Record excerpts Start Marker

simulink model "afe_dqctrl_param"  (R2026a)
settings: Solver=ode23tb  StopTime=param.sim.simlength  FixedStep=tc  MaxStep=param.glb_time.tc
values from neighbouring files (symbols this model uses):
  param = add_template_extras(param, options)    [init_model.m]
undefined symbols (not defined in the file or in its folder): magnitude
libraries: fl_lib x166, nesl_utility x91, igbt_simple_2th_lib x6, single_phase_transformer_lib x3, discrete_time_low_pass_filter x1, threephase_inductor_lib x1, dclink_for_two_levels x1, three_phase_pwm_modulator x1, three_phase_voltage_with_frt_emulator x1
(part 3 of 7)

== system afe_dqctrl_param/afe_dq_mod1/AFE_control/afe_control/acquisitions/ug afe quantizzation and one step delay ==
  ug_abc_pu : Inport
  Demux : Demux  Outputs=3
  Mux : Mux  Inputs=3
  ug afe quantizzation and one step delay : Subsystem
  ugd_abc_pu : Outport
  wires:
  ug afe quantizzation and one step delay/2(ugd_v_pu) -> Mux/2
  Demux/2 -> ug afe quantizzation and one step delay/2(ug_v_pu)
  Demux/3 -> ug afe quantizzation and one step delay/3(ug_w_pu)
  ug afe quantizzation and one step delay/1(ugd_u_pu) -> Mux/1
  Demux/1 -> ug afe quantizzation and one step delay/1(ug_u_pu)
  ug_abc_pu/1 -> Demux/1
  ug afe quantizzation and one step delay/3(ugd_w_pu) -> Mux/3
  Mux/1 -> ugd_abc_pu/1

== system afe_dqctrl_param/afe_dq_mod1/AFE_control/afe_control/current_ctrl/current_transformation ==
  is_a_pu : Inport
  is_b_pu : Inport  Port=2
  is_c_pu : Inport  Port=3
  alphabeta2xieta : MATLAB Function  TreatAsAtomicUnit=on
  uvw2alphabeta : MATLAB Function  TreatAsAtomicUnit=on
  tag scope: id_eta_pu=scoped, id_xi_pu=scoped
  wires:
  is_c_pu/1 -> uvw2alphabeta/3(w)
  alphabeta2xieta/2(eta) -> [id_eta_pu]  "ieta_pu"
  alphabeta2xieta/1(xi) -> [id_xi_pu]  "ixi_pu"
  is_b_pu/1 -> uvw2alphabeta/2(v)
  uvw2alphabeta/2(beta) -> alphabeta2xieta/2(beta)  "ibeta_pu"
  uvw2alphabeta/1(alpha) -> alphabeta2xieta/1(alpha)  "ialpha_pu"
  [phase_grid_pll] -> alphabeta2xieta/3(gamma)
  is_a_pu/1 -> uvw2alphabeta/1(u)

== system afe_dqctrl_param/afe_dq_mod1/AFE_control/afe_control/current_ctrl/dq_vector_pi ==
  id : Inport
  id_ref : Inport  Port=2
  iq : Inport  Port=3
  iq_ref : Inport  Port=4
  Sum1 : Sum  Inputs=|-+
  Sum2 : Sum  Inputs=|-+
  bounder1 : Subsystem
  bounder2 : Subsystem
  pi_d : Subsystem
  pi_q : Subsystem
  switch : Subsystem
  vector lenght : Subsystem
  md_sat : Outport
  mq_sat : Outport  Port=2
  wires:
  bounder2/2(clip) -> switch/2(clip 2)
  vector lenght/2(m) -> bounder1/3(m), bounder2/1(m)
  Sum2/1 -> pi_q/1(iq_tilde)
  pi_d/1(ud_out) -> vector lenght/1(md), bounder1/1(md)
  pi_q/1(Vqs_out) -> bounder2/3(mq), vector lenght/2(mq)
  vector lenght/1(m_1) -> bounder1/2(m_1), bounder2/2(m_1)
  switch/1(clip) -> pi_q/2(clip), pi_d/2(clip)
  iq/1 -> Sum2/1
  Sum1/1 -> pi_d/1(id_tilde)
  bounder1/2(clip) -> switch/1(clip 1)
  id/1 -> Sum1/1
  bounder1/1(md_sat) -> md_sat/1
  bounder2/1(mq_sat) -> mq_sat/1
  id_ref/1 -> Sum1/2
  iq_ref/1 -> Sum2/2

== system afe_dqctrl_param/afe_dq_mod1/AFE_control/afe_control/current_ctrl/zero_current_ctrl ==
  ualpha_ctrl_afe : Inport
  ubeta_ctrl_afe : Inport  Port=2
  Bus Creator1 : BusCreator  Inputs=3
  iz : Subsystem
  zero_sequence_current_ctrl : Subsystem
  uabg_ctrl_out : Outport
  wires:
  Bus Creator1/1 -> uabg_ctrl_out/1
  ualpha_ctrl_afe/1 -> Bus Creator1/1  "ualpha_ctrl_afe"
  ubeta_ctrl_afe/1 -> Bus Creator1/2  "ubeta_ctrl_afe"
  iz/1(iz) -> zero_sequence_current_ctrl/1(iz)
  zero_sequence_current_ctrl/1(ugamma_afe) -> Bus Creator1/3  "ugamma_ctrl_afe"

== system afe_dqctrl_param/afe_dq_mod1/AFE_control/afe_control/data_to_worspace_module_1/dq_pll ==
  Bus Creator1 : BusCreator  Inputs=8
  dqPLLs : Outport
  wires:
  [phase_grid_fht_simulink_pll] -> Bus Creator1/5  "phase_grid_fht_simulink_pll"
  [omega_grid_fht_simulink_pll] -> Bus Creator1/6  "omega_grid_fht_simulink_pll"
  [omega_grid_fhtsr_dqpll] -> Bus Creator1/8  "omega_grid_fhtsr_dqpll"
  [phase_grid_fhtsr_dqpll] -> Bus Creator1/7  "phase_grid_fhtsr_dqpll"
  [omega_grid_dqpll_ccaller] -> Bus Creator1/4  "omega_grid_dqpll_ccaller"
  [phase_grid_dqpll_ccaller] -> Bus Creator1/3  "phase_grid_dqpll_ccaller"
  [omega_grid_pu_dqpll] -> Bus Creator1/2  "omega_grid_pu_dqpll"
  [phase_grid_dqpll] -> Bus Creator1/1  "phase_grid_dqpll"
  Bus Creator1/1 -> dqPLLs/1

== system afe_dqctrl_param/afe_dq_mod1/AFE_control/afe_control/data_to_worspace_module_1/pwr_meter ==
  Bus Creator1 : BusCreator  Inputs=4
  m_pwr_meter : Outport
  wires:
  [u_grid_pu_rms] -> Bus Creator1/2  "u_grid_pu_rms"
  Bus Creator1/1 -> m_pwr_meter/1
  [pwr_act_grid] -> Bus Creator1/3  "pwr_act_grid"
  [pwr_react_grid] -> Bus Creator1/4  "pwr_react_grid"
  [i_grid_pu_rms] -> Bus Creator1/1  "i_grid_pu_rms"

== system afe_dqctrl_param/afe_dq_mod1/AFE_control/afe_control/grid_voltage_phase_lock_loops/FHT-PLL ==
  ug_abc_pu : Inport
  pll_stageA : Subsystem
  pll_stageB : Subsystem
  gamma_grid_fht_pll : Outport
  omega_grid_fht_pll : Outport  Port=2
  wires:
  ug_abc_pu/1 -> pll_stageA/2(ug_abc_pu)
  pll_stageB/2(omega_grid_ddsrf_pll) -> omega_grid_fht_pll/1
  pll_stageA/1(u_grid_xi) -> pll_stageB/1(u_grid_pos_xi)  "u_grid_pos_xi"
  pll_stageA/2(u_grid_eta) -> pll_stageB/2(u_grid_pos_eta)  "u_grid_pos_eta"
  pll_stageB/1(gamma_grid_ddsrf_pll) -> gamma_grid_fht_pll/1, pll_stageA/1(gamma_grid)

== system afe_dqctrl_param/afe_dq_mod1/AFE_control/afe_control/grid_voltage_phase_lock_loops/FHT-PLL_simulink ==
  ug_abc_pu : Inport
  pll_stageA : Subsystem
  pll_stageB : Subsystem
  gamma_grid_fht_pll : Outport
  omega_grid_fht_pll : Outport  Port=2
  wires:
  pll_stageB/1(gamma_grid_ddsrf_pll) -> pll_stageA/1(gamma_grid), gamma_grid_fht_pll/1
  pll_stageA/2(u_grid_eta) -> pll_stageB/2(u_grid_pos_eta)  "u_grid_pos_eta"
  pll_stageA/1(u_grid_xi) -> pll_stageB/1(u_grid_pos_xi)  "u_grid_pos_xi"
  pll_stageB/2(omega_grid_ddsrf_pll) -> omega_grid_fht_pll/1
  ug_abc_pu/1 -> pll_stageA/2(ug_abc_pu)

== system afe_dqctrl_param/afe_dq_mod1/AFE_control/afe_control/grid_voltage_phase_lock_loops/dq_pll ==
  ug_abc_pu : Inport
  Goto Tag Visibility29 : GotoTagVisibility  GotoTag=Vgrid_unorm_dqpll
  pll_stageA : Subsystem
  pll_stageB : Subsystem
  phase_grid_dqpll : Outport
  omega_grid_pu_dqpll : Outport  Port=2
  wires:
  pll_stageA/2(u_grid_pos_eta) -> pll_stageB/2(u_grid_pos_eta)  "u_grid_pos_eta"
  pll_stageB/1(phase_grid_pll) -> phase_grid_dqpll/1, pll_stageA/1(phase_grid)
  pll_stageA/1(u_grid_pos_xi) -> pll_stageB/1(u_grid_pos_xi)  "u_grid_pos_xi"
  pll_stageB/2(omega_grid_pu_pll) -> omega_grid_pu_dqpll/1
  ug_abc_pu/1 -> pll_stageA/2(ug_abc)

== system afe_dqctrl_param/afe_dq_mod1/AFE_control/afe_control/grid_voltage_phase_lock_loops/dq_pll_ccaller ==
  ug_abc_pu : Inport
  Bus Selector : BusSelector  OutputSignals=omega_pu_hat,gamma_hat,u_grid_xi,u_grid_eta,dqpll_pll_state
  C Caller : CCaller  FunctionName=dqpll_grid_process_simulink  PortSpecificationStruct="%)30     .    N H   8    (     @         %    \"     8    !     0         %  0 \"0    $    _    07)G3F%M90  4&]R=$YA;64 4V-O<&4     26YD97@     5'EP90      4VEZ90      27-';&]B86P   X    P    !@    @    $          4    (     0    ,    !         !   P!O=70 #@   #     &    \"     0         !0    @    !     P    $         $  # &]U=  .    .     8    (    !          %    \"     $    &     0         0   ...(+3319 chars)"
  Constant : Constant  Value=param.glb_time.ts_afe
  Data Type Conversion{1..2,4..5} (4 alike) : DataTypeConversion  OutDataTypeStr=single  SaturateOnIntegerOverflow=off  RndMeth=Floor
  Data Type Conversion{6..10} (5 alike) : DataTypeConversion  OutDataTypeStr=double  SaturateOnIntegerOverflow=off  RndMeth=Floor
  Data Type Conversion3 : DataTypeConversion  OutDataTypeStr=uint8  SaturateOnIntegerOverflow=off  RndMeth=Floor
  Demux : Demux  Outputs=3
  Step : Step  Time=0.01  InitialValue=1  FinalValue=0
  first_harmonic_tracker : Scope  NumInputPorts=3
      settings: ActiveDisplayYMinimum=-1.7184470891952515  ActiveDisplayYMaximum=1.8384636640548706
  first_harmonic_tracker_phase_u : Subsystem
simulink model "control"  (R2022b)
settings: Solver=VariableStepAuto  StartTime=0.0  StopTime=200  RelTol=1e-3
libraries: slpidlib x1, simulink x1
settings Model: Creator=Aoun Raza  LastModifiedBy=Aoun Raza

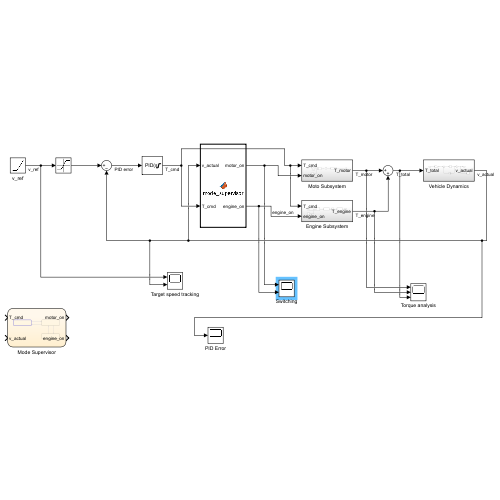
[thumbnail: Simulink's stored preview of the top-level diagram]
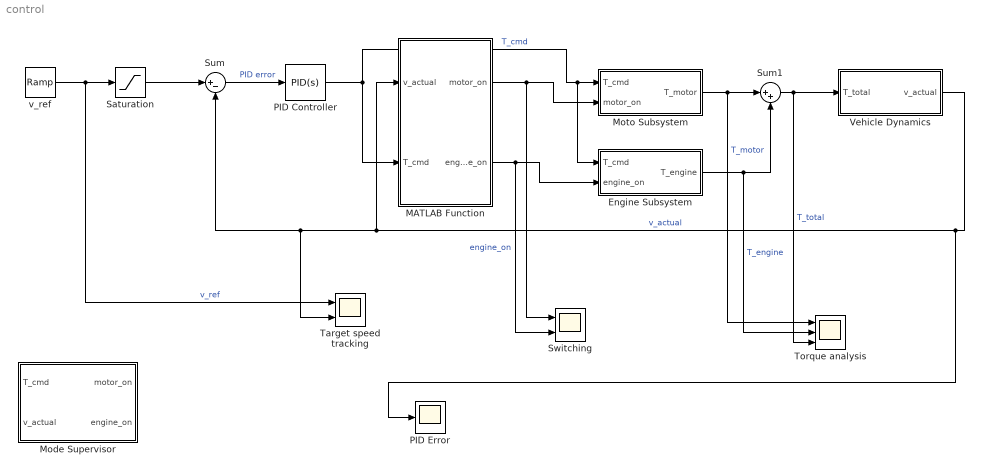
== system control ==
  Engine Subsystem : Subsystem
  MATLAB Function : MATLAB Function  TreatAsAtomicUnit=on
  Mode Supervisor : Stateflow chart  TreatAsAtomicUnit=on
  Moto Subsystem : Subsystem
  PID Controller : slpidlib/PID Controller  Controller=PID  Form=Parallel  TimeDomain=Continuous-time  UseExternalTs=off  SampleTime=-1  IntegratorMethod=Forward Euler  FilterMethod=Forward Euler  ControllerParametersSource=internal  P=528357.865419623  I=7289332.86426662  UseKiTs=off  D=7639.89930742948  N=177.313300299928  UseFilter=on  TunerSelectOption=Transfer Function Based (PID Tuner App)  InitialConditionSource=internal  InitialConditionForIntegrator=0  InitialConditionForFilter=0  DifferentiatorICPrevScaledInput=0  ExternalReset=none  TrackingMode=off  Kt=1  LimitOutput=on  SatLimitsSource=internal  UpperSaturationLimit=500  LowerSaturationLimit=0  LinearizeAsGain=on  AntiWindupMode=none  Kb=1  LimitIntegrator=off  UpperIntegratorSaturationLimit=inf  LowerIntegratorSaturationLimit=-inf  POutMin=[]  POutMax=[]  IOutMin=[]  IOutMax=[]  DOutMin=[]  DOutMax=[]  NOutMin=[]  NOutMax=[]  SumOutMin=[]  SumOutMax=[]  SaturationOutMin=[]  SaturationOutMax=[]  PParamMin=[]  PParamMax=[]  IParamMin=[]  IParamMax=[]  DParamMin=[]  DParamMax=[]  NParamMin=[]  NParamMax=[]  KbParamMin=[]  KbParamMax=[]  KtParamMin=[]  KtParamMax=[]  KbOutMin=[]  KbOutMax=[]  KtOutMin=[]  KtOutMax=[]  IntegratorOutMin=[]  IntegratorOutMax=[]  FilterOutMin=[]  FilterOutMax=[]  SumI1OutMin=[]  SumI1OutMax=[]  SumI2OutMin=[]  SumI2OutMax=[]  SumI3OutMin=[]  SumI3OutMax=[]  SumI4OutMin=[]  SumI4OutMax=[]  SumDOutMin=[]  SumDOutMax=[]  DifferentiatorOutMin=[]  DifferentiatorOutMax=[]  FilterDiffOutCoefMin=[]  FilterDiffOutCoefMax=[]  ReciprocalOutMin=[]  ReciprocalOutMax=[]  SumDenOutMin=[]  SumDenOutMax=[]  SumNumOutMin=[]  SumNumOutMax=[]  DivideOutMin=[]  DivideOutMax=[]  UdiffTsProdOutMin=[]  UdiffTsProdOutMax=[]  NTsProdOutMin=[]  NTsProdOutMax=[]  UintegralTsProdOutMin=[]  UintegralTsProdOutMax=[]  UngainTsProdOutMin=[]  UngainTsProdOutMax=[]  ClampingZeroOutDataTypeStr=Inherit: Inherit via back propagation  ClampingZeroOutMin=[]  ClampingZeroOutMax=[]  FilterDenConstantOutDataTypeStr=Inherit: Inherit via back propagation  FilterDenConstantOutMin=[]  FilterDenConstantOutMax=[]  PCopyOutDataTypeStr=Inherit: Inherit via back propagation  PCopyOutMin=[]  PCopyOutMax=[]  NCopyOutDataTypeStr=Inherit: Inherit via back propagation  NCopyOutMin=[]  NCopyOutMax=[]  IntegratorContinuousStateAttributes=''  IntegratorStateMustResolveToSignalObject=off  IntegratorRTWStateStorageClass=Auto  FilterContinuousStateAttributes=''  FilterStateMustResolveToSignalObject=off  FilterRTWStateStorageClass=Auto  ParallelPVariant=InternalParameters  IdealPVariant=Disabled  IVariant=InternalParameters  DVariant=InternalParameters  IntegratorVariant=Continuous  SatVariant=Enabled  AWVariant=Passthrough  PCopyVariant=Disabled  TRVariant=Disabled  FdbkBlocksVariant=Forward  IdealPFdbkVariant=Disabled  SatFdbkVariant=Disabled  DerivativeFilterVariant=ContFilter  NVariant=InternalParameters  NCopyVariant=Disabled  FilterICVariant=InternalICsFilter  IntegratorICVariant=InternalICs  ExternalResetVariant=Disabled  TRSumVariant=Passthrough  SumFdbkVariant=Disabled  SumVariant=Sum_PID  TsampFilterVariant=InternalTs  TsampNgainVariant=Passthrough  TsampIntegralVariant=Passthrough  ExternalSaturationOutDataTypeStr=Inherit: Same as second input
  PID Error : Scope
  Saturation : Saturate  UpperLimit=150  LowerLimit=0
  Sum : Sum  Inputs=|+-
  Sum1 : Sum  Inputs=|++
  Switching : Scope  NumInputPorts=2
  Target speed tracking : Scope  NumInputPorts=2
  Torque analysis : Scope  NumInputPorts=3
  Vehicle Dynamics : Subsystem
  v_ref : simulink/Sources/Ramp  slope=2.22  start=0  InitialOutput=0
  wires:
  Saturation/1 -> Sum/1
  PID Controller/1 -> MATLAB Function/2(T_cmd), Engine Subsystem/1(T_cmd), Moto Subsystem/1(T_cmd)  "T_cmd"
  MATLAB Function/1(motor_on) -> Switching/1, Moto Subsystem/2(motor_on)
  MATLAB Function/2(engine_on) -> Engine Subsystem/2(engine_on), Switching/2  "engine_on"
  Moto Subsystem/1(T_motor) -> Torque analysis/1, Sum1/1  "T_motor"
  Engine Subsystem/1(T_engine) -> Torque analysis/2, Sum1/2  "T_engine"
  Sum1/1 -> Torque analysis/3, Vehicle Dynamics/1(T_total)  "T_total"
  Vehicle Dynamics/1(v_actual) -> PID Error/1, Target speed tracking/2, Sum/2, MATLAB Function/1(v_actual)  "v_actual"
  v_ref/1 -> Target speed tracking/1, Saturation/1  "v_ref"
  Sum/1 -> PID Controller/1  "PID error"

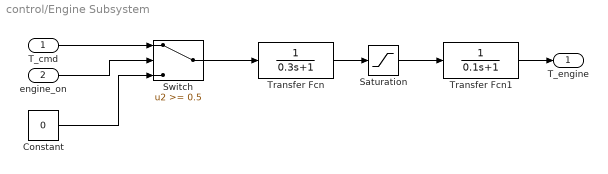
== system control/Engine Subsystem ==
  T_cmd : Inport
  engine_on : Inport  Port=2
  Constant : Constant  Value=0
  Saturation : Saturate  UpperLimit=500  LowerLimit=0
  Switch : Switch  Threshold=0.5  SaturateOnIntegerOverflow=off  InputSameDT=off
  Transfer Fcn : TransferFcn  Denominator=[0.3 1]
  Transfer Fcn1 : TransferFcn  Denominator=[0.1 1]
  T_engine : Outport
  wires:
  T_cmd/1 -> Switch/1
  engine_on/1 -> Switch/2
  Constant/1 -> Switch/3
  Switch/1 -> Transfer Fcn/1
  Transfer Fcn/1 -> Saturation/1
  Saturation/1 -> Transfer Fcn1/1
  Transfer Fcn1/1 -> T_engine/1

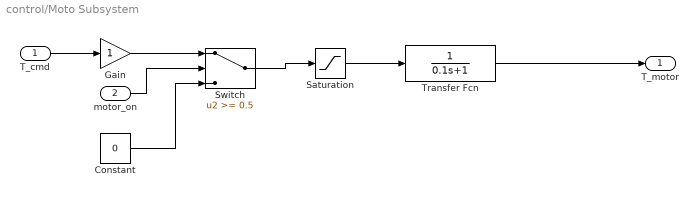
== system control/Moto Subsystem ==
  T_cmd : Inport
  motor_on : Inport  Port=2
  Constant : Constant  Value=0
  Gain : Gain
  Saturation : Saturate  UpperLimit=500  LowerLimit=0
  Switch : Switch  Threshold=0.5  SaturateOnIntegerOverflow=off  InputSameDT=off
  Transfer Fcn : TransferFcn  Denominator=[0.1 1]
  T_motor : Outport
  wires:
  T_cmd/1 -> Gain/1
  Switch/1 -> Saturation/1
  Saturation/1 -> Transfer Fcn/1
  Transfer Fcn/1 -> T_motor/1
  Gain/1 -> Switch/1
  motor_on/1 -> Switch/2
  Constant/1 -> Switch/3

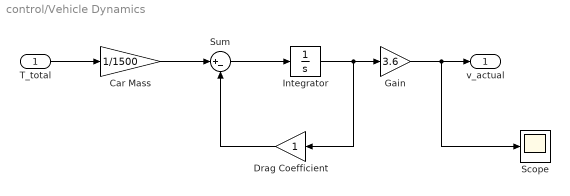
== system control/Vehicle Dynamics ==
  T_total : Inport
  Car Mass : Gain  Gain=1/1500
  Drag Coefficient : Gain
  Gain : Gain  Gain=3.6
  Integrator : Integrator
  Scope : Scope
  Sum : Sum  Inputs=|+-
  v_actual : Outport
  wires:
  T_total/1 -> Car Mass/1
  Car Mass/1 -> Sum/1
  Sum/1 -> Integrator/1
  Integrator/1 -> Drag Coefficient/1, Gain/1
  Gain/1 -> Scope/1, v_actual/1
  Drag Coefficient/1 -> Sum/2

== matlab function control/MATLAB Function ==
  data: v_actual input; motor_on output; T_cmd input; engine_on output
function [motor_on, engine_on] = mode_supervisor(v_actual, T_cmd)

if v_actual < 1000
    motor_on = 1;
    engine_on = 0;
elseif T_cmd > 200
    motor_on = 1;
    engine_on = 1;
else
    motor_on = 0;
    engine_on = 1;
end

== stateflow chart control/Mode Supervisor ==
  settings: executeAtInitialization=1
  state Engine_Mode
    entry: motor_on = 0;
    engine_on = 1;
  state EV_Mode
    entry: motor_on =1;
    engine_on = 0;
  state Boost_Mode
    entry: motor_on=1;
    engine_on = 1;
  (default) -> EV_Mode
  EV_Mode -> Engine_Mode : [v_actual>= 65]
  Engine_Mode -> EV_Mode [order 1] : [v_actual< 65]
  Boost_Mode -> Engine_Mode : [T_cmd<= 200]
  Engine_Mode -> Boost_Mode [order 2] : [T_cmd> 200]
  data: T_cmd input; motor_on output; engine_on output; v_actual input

Record excerpts End Marker

Your objective - Beginning with the line that has "tag scope: id_eta_pu=scoped, id_xi_pu=scoped" and ending with the line that has "uvw2alphabeta/1(alpha) -> alphabeta2xieta/1(alpha)", set down the lines above exactly and include no others.

Exercise solution -
  tag scope: id_eta_pu=scoped, id_xi_pu=scoped
  wires:
  is_c_pu/1 -> uvw2alphabeta/3(w)
  alphabeta2xieta/2(eta) -> [id_eta_pu]  "ieta_pu"
  alphabeta2xieta/1(xi) -> [id_xi_pu]  "ixi_pu"
  is_b_pu/1 -> uvw2alphabeta/2(v)
  uvw2alphabeta/2(beta) -> alphabeta2xieta/2(beta)  "ibeta_pu"
  uvw2alphabeta/1(alpha) -> alphabeta2xieta/1(alpha)  "ialpha_pu"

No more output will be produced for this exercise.